Antipsychotics can reduce aggression temporarily, but they carry serious risks like stroke and sudden death in older adults with dementia. They’re only recommended for severe behavior that can’t be managed other ways, and should be used at the lowest dose for the shortest time possible. Before prescribing antipsychotics, doctors should investigate whether an infection, pain, medication side effect, or environmental trigger is causing the behavior.
What’s the difference between normal aging memory loss and dementia?
Normal aging might mean occasionally forgetting a word or where you parked. Dementia involves progressive loss of memory and at least one other cognitive function (like language, judgment, or visual-spatial skills) that interferes with daily activities. If you’re concerned, a neuropsychological evaluation or cognitive screening can clarify.
Is sundowning preventable?
Sundowning can be reduced but rarely eliminated. Consistent routines, bright morning light, reduced afternoon napping, and a calm evening environment help. Some medications can be tried, but their effectiveness varies and they introduce new risks. The goal is usually management and accommodation rather than prevention.
Do feeding tubes extend life in advanced dementia?

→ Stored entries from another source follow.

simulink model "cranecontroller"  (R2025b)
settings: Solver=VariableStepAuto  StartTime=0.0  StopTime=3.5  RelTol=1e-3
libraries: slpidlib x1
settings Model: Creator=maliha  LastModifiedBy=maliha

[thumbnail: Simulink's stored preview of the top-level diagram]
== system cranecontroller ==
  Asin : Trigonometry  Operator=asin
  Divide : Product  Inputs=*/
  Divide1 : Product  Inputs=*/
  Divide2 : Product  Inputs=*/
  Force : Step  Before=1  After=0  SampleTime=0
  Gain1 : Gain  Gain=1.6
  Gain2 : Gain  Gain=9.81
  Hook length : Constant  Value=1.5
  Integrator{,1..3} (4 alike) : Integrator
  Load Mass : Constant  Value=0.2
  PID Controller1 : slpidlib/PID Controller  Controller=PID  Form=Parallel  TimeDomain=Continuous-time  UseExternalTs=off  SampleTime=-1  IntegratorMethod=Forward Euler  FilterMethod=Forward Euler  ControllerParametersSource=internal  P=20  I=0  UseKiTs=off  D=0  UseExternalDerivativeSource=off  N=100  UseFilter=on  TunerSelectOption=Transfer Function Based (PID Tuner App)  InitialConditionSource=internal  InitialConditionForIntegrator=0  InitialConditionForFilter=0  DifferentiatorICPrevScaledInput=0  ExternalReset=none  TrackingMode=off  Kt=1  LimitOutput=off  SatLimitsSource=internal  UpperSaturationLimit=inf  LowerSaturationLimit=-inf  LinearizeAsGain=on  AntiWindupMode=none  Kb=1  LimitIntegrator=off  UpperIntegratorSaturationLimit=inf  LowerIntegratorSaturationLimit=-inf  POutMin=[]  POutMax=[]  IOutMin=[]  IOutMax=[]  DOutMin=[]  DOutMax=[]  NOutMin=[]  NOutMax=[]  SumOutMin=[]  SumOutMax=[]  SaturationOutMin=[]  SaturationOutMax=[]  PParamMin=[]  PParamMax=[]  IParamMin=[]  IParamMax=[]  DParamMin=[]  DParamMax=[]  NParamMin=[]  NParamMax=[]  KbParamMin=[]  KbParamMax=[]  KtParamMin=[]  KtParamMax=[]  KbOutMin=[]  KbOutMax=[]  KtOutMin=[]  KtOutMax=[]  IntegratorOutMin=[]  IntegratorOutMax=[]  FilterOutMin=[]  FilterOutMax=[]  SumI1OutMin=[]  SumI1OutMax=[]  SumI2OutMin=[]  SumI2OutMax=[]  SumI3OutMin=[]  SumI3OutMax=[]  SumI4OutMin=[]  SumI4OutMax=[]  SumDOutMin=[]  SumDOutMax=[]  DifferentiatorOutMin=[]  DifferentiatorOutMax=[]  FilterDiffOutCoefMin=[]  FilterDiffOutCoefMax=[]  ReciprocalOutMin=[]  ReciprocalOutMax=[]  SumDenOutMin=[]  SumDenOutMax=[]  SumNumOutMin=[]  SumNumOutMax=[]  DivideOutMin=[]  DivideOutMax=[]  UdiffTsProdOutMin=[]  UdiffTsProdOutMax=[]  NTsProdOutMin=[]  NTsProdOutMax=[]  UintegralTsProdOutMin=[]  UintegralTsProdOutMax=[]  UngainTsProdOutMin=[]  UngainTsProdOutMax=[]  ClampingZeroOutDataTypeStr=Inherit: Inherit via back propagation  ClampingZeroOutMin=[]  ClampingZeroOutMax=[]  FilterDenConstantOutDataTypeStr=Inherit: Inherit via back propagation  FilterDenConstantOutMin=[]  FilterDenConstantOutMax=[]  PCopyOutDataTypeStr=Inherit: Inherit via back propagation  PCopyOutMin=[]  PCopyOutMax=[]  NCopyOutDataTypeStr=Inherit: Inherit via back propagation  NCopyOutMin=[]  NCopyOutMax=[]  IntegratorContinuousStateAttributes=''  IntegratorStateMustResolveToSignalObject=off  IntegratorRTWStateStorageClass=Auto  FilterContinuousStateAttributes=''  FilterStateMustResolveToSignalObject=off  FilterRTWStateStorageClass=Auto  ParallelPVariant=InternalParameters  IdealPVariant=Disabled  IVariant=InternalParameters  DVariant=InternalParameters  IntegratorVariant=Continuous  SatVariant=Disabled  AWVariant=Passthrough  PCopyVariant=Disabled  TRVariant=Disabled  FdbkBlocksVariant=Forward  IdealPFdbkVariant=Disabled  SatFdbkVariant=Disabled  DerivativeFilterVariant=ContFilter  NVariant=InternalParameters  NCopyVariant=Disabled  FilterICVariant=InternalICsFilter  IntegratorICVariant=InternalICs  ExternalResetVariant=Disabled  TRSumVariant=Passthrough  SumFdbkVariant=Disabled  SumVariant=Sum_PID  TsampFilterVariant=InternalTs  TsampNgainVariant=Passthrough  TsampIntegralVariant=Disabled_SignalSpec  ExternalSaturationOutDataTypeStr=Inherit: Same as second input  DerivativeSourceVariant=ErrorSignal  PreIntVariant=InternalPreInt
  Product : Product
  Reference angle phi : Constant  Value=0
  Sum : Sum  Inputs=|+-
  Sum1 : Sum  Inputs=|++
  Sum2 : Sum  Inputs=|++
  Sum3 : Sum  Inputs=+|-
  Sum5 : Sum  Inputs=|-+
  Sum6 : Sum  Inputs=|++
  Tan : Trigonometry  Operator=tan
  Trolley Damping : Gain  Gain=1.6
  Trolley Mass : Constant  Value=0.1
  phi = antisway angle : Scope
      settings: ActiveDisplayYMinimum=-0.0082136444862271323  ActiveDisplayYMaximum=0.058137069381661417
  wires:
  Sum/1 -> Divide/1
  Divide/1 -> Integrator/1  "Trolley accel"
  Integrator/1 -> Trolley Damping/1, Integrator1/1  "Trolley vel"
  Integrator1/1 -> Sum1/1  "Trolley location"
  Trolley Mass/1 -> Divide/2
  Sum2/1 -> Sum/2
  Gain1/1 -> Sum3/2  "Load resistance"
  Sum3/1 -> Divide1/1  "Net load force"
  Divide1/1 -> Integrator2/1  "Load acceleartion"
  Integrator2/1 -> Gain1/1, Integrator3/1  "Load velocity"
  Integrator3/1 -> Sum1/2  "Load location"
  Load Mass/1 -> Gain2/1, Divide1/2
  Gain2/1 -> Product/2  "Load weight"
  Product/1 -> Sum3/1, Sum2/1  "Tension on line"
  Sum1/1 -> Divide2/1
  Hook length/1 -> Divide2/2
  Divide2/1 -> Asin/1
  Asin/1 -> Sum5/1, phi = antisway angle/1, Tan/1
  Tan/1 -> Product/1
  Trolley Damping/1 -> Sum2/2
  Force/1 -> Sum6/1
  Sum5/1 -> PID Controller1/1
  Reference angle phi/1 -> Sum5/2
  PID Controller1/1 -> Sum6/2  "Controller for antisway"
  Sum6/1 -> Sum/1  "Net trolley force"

Research shows feeding tubes do not significantly extend life in advanced dementia and may increase risk of aspiration, infections, and other complications. They may be appropriate in early dementia if swallowing becomes unsafe temporarily. In late-stage dementia, the decision is typically framed around comfort rather than prolonging life.
How can I tell if someone with dementia is in pain?
Look for changes in behavior—new aggression, restlessness, withdrawn behavior, or refusal to eat or engage. Also observe facial expressions, body tension, and how they react to touch. A fever, infected wound, or changes in gait should raise suspicion for underlying pain or infection. If behavior changes suddenly, contact a healthcare provider.
What should I do if my loved one is having behavioral problems?
First, consult with their doctor to rule out treatable causes like UTI, infection, medication side effects, constipation, or pain. Then examine the environment and routine for triggers—hunger, fatigue, too much noise, or being rushed. Behavioral problems often have underlying medical or environmental causes that can be addressed before considering medication.